In other words, in considering whether it is expedient in the interests of Justice that a prosecution should be launched, it would be open to us also to consider the conditions under which the statement was recorded viz., the tutoring or enforcing which the deponent always alleges when he resiles from his statement and secondly, whether the statement under Section 164, Criminal P.C. would have been false. Two illustrations' will suffice. If the circumstances of the case show that a witness was sent to a Magistrate practically under custody and the contents of such statements are such as would show tutoring, then it would not be expedient in the interests of justice to launch a prosecution: --'Emperor v. Manu Chik', : AIR1938Pat290 (T) and -- 'Queen Empress v. Jadub Das', 27 Cal 295 (U). The latter would cover a case where the discussion of the evidence in the main case shows that the particulars given in the witness's statements under Section 164 must be absolutely false. Then it would not be expedient in the interests of justice to launch a prosecution and this appears to have been the case in -- 'AIR 1941 Bom 408 (S)' though the full facts are not before us.

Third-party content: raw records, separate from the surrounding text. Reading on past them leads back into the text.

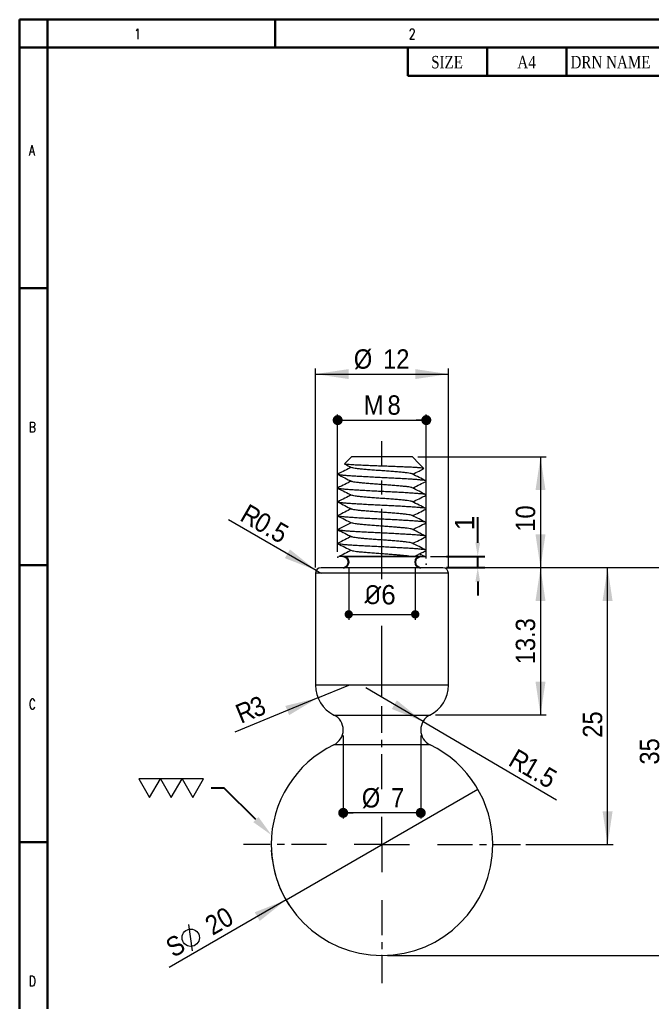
# Model space of a CAD drawing. Header units: millimetres. Extents: x 10 to 202, y 2 to 295.
# Drawn here: x 10 to 124.2, y 117.1 to 294.5 of the extents above; entities that cross this region are included whole.
import ezdxf
from ezdxf import colors
from ezdxf.entities.mleader import LeaderData, LeaderLine
from ezdxf.math import Vec2, Vec3

# ---------------------------------------------------------------- set-up
doc = ezdxf.new("R2010")
doc.units = ezdxf.units.MM
doc.header["$PDSIZE"] = -1
doc.linetypes.add('CENTER', pattern=[10.16, 6.35, -1.27, 1.27, -1.27])
doc.linetypes.add('CENTERX2', pattern=[20.32, 12.7, -2.54, 2.54, -2.54])
doc.layers.add('SLD-0', color=179, linetype='Continuous')
doc.layers.add('中心線2', color=1, linetype='CENTER', lineweight=15)
doc.layers.add('尺寸標柱線', color=3, linetype='Continuous', lineweight=15)
doc.styles.add('SLDTEXTSTYLE0', font='GOTHIC.TTF', dxfattribs={"width": 0.913})
doc.styles.add('SLDTEXTSTYLE12', font='times.ttf', dxfattribs={"width": 0.8})
doc.styles.add('SLDTEXTSTYLE14', font='txt_____.ttf', dxfattribs={"width": 0.75})
doc.styles.get("Standard").update_dxf_attribs({"font": 'GOTHIC.TTF'})
doc.dimstyles.new('ISO-25', dxfattribs={"dimtxt": 3.5, "dimasz": 2.5, "dimexe": 1.25, "dimexo": 0.625, "dimtad": 1, "dimlfac": 0.5, "dimtxsty": 'Standard', "dimcen": 2.5, "dimadec": 0, "dimazin": 0, "dimtfac": 1, "dimtmove": 0, "dimatfit": 3, "dimfxl": 0, "dimarcsym": 0})
doc.dimstyles.new('SLDDIMSTYLE0', dxfattribs={"dimtxt": 3.5, "dimasz": 1.8, "dimexe": 0, "dimexo": 0.0625, "dimgap": 0.875, "dimtad": 2, "dimdec": 1, "dimlfac": 0.5, "dimrnd": 1e-09, "dimzin": 12, "dimdsep": 46, "dimtxsty": 'SLDTEXTSTYLE0', "dimblk1": 'DOT', "dimblk2": 'DOT', "dimsah": 1, "dimcen": 0.09, "dimadec": 0, "dimazin": 0, "dimtfac": 1, "dimtdec": 1, "dimtofl": 0, "dimtmove": 0, "dimatfit": 3, "dimldrblk": 'DOT', "dimfxl": 0, "dimtolj": 1, "dimtzin": 12, "dimarcsym": 0})
doc.dimstyles.new('SLDDIMSTYLE1', dxfattribs={"dimtxt": 3.5, "dimasz": 6, "dimexe": 0, "dimexo": 0.0625, "dimgap": 0.875, "dimtad": 2, "dimlfac": 0.5, "dimrnd": 1e-09, "dimzin": 12, "dimdsep": 46, "dimtxsty": 'SLDTEXTSTYLE0', "dimsah": 1, "dimcen": 0.09, "dimadec": 0, "dimazin": 0, "dimtfac": 1, "dimtofl": 0, "dimtmove": 0, "dimatfit": 3, "dimfxl": 0, "dimtolj": 1, "dimtzin": 12, "dimarcsym": 0})
doc.dimstyles.new('SLDDIMSTYLE2', dxfattribs={"dimtxt": 3.5, "dimasz": 6, "dimexe": 0, "dimexo": 0.0625, "dimgap": 0.875, "dimtad": 2, "dimlfac": 0.5, "dimrnd": 1e-09, "dimzin": 12, "dimdsep": 46, "dimtxsty": 'SLDTEXTSTYLE0', "dimsah": 1, "dimcen": 0.09, "dimadec": 0, "dimazin": 0, "dimtfac": 1, "dimtmove": 0, "dimatfit": 3, "dimfxl": 0, "dimtolj": 1, "dimtzin": 12, "dimarcsym": 0})
doc.dimstyles.new('SLDDIMSTYLE3', dxfattribs={"dimtxt": 3.5, "dimasz": 6, "dimexe": 0, "dimexo": 0.0625, "dimgap": 0.875, "dimtad": 2, "dimdec": 1, "dimlfac": 0.5, "dimrnd": 1e-09, "dimzin": 12, "dimdsep": 46, "dimtxsty": 'SLDTEXTSTYLE0', "dimsah": 1, "dimcen": 0.09, "dimadec": 0, "dimazin": 0, "dimtfac": 1, "dimtdec": 1, "dimtofl": 0, "dimtmove": 0, "dimatfit": 3, "dimfxl": 0, "dimtolj": 1, "dimtzin": 12, "dimarcsym": 0})
doc.dimstyles.new('SLDDIMSTYLE4', dxfattribs={"dimtxt": 3.5, "dimasz": 6, "dimexe": 0, "dimexo": 0.0625, "dimgap": 0.875, "dimtad": 2, "dimlfac": 0.5, "dimrnd": 1e-09, "dimzin": 12, "dimdsep": 46, "dimtxsty": 'SLDTEXTSTYLE0', "dimsah": 1, "dimcen": 0.09, "dimadec": 0, "dimazin": 0, "dimtfac": 1, "dimtofl": 0, "dimtmove": 0, "dimatfit": 3, "dimfxl": 0, "dimtolj": 1, "dimtzin": 12, "dimarcsym": 0})
doc.dimstyles.new('SLDDIMSTYLE5', dxfattribs={"dimtxt": 3.5, "dimasz": 6, "dimexe": 0, "dimexo": 0.0625, "dimgap": 0.875, "dimtad": 2, "dimdec": 1, "dimlfac": 0.5, "dimrnd": 1e-09, "dimzin": 12, "dimdsep": 46, "dimtxsty": 'SLDTEXTSTYLE0', "dimsah": 1, "dimcen": 0.09, "dimadec": 0, "dimazin": 0, "dimtfac": 1, "dimtdec": 1, "dimtofl": 0, "dimtmove": 1, "dimatfit": 3, "dimfxl": 0, "dimtolj": 1, "dimtzin": 12, "dimarcsym": 0})
doc.dimstyles.new('SLDDIMSTYLE6', dxfattribs={"dimtxt": 3.5, "dimasz": 6, "dimexe": 0, "dimexo": 0.0625, "dimgap": 0.875, "dimtad": 2, "dimdec": 1, "dimlfac": 0.5, "dimrnd": 1e-09, "dimzin": 12, "dimdsep": 46, "dimtxsty": 'SLDTEXTSTYLE0', "dimsah": 1, "dimcen": 0.09, "dimadec": 0, "dimazin": 0, "dimtfac": 1, "dimtdec": 1, "dimtofl": 0, "dimtmove": 0, "dimatfit": 3, "dimfxl": 0, "dimtolj": 1, "dimtzin": 12, "dimarcsym": 0})
doc.dimstyles.new('SLDDIMSTYLE7', dxfattribs={"dimtxt": 3.5, "dimasz": 1.8, "dimexe": 0, "dimexo": 0.0625, "dimgap": 0.875, "dimtad": 2, "dimlfac": 0.5, "dimrnd": 1e-09, "dimzin": 12, "dimdsep": 46, "dimtxsty": 'SLDTEXTSTYLE0', "dimblk1": 'DOT', "dimblk2": 'DOT', "dimsah": 1, "dimcen": 0.09, "dimadec": 0, "dimazin": 0, "dimtfac": 1, "dimtofl": 0, "dimtmove": 0, "dimatfit": 3, "dimldrblk": 'DOT', "dimfxl": 0, "dimtolj": 1, "dimtzin": 12, "dimarcsym": 0})

# ---------------------------------------------------------------- blocks, each defined once
blk = doc.blocks.new('_DOT')
at = {"color": 0, "linetype": 'ByBlock', "lineweight": -2}
blk.add_line((-0.5, 0), (-1, 0), dxfattribs=at)
at = {"color": 0, "linetype": 'ByBlock', "const_width": 0.5}
blk.add_lwpolyline([(-0.25, 0, 1), (0.25, 0, 1)], format="xyb", close=True, dxfattribs=at)
blk = doc.blocks.new('*D4')
at = {"layer": '尺寸標柱線', "color": 5}
for p, q in [((67.41, 198.44), (67.41, 223.2)), ((67.41, 222.2), (83.41, 222.2)), ((83.41, 197.19), (83.41, 223.2))]:
    blk.add_line(p, q, dxfattribs=at)
at = {"layer": '尺寸標柱線', "color": 5, "xscale": 1.8, "yscale": 1.8, "rotation": 180.0000000000004}
blk.add_blockref('_DOT', (67.41, 222.2, 0.2), dxfattribs=at)
at = {"layer": '尺寸標柱線', "color": 5, "xscale": 1.8, "yscale": 1.8}
blk.add_blockref('_DOT', (83.41, 222.2, 0.2), dxfattribs=at)
at = {"layer": '尺寸標柱線', "color": 5, "char_height": 3.5, "attachment_point": 1, "style": 'SLDTEXTSTYLE0'}
for s, insert in [('M', (72.12, 226.67)), ('8', (76.41, 226.67))]:
    blk.add_mtext(s, dxfattribs=dict(at, insert=insert))
blk = doc.blocks.new('*D5')
at = {"layer": '尺寸標柱線', "color": 5}
for p, q in [((87.41, 195.56), (127.43, 195.56)), ((126.43, 125.56), (126.43, 195.56)), ((76.41, 125.56), (127.43, 125.56))]:
    blk.add_line(p, q, dxfattribs=at)
for points in [[(126.43, 195.56), (125.53, 189.56), (127.33, 189.56)], [(126.43, 125.56), (127.33, 131.56), (125.53, 131.56)]]:
    blk.add_solid(points, dxfattribs=at)
at = {"layer": '尺寸標柱線', "color": 5, "insert": (121.96, 160.01), "char_height": 3.5, "attachment_point": 1, "rotation": 90, "style": 'SLDTEXTSTYLE0'}
blk.add_mtext('35', dxfattribs=at)
blk = doc.blocks.new('SW_SYMBOL_MOD_SPHDIA')
at = {"layer": '尺寸標柱線', "color": 0}
blk.add_line((800, 0), (1200, 1000), dxfattribs=at)
blk.add_circle((1000, 500), 350, dxfattribs=at)
at = {"layer": '尺寸標柱線', "color": 0, "insert": (300, 525), "char_height": 783, "attachment_point": 5, "style": 'SLDTEXTSTYLE0'}
blk.add_mtext('S', dxfattribs=at)
blk = doc.blocks.new('*D6')
at = {"layer": '尺寸標柱線', "color": 5}
for q in [(92.73, 155.56), (36.99, 123.38)]:
    blk.add_line((58.09, 135.56), q, dxfattribs=at)
blk.add_arc((75.41, 145.56), 20, 182.8624, 212.8624, dxfattribs=at)
blk.add_solid([(58.09, 135.56), (52.44, 133.34), (53.34, 131.78)], dxfattribs=at)
at = {"layer": '尺寸標柱線', "color": 5, "xscale": 0.004470703125, "yscale": 0.004470703125, "zscale": 0.004470703125, "rotation": 29.99999999999999}
blk.add_blockref('SW_SYMBOL_MOD_SPHDIA', (38.13, 124.58), dxfattribs=at)
at = {"layer": '尺寸標柱線', "color": 5, "insert": (43.08, 132.11), "char_height": 3.5, "attachment_point": 1, "rotation": 30, "style": 'SLDTEXTSTYLE0'}
blk.add_mtext('20', dxfattribs=at)
blk = doc.blocks.new('*D8')
at = {"layer": '尺寸標柱線', "color": 5}
for p, q in [((81.91, 215.56), (105.03, 215.56)), ((104.03, 215.56), (104.03, 195.56)), ((87.41, 195.56), (105.03, 195.56))]:
    blk.add_line(p, q, dxfattribs=at)
for points in [[(104.03, 215.56), (103.13, 209.56), (104.93, 209.56)], [(104.03, 195.56), (104.93, 201.56), (103.13, 201.56)]]:
    blk.add_solid(points, dxfattribs=at)
at = {"layer": '尺寸標柱線', "color": 5, "insert": (99.56, 202.05), "char_height": 3.5, "attachment_point": 1, "rotation": 90, "style": 'SLDTEXTSTYLE0'}
blk.add_mtext('10', dxfattribs=at)
blk = doc.blocks.new('*D9')
at = {"layer": '尺寸標柱線', "color": 5}
for p, q in [((87.41, 195.56), (105.03, 195.56)), ((104.03, 195.56), (104.03, 168.96)), ((85.07, 168.96), (105.03, 168.96))]:
    blk.add_line(p, q, dxfattribs=at)
for points in [[(104.03, 195.56), (103.13, 189.56), (104.93, 189.56)], [(104.03, 168.96), (104.93, 174.96), (103.13, 174.96)]]:
    blk.add_solid(points, dxfattribs=at)
at = {"layer": '尺寸標柱線', "color": 5, "insert": (99.56, 178.12), "char_height": 3.5, "attachment_point": 1, "rotation": 90, "style": 'SLDTEXTSTYLE0'}
blk.add_mtext('13.3', dxfattribs=at)
blk = doc.blocks.new('*D10')
at = {"layer": '尺寸標柱線', "color": 5}
for p, q in [((87.41, 195.56), (117.14, 195.56)), ((116.14, 145.56), (116.14, 195.56)), ((101.41, 145.56), (117.14, 145.56))]:
    blk.add_line(p, q, dxfattribs=at)
for points in [[(116.14, 195.56), (115.24, 189.56), (117.04, 189.56)], [(116.14, 145.56), (117.04, 151.56), (115.24, 151.56)]]:
    blk.add_solid(points, dxfattribs=at)
at = {"layer": '尺寸標柱線', "color": 5, "insert": (111.67, 164.86), "char_height": 3.5, "attachment_point": 1, "rotation": 90, "style": 'SLDTEXTSTYLE0'}
blk.add_mtext('25', dxfattribs=at)
blk = doc.blocks.new('*D11')
at = {"layer": '尺寸標柱線', "color": 5}
for q in [(69.41, 174.33), (48.83, 165.87)]:
    blk.add_line((63.86, 172.05), q, dxfattribs=at)
blk.add_solid([(63.86, 172.05), (57.97, 170.6), (58.65, 168.93)], dxfattribs=at)
at = {"layer": '尺寸標柱線', "color": 5, "char_height": 3.5, "attachment_point": 1, "rotation": 22.3512, "style": 'SLDTEXTSTYLE0'}
for s, insert in [('3', (51.23, 171.66)), ('R', (48.61, 170.58))]:
    blk.add_mtext(s, dxfattribs=dict(at, insert=insert))
blk = doc.blocks.new('*D12')
at = {"layer": '尺寸標柱線', "color": 5}
for q in [(72.47, 173.85), (106.9, 153.66)]:
    blk.add_line((82.82, 167.78), q, dxfattribs=at)
blk.add_solid([(82.82, 167.78), (78.1, 171.6), (77.19, 170.04)], dxfattribs=at)
at = {"layer": '尺寸標柱線', "color": 5, "char_height": 3.5, "attachment_point": 1, "rotation": 329.6675, "style": 'SLDTEXTSTYLE0'}
for s, insert in [('R', (99.77, 163.01)), ('1.5', (102.21, 161.58))]:
    blk.add_mtext(s, dxfattribs=dict(at, insert=insert))
blk = doc.blocks.new('*D13')
at = {"layer": '尺寸標柱線', "color": 5}
for q in [(47.72, 204.19), (64.41, 194.56)]:
    blk.add_line((63.54, 195.06), q, dxfattribs=at)
blk.add_solid([(63.54, 195.06), (58.79, 198.84), (57.89, 197.28)], dxfattribs=at)
at = {"layer": '尺寸標柱線', "color": 5, "char_height": 3.5, "attachment_point": 1, "rotation": 330, "style": 'SLDTEXTSTYLE0'}
for s, insert in [('R', (51.3, 207.22)), ('0.5', (53.75, 205.8))]:
    blk.add_mtext(s, dxfattribs=dict(at, insert=insert))
blk = doc.blocks.new('*D14')
at = {"layer": '尺寸標柱線', "color": 5}
for p, q in [((63.41, 195.56), (63.41, 231.51)), ((87.41, 195.56), (87.41, 231.51)), ((63.41, 230.51), (87.41, 230.51))]:
    blk.add_line(p, q, dxfattribs=at)
for points in [[(63.41, 230.51), (69.41, 229.61), (69.41, 231.41)], [(87.41, 230.51), (81.41, 231.41), (81.41, 229.61)]]:
    blk.add_solid(points, dxfattribs=at)
at = {"layer": '尺寸標柱線', "color": 5, "char_height": 3.5, "attachment_point": 1, "style": 'SLDTEXTSTYLE0'}
for s, insert in [('%%c', (70.33, 234.98)), ('12', (75.61, 234.98))]:
    blk.add_mtext(s, dxfattribs=dict(at, insert=insert))
blk = doc.blocks.new('*D15')
at = {"layer": '尺寸標柱線', "color": 5}
for p, q in [((68.41, 165.27), (68.41, 150.29)), ((82.41, 165.27), (82.41, 150.29)), ((82.41, 151.29), (68.41, 151.29))]:
    blk.add_line(p, q, dxfattribs=at)
at = {"layer": '尺寸標柱線', "color": 5, "xscale": 1.8, "yscale": 1.8, "rotation": 180.0000000000004}
blk.add_blockref('_DOT', (68.41, 151.29, 0.2), dxfattribs=at)
at = {"layer": '尺寸標柱線', "color": 5, "xscale": 1.8, "yscale": 1.8}
blk.add_blockref('_DOT', (82.41, 151.29, 0.2), dxfattribs=at)
at = {"layer": '尺寸標柱線', "color": 5, "char_height": 3.5, "attachment_point": 1, "style": 'SLDTEXTSTYLE0'}
for s, insert in [('%%c', (71.78, 155.76)), ('7', (77.06, 155.76))]:
    blk.add_mtext(s, dxfattribs=dict(at, insert=insert))
blk = doc.blocks.new('SW_CENTERMARKSYMBOL_0')
at = {"layer": '中心線2', "color": 0}
for p, q in [((0, 10), (0, 25)), ((0, 0), (0, 5)), ((-10, 0), (-25, 0)), ((0, 0), (-5, 0)), ((0, 0), (0, -5)), ((0, 0), (5, 0)), ((10, 0), (25, 0)), ((0, -10), (0, -25))]:
    blk.add_line(p, q, dxfattribs=at)
blk = doc.blocks.new('*D19')
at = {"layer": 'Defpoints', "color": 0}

11. Bearing these principles in mind in the instant case, it is found that prima facie perjury has been committed and it was committed in order to enable the bribe-taker to escape just punishment and there has been no tutoring or enforcing by the Police as found by the learned Additional First Class Magistrate and there is no other evidence in the case, C. C. No. 176 of 1960, which would show that the statements by these respondents under Section 164, Criminal P.C. were false and that the statements made by them during the trial of that case were true. This is a clear case therefore where there is 'prima facie' perjury fit for being investigated by a Court, but also, that it is expedient in the interests of Justice that such an investigation should be made.
12. The order of the learned Sessions Judge is set aside and the order of the Additional First Class Magistrate, Bapatla, is restored and the Additional First Class Magistrate, Bapatla, is directed to file complaints if it has not already been done, and the complaints are directed to be investigated and disposed of according to law.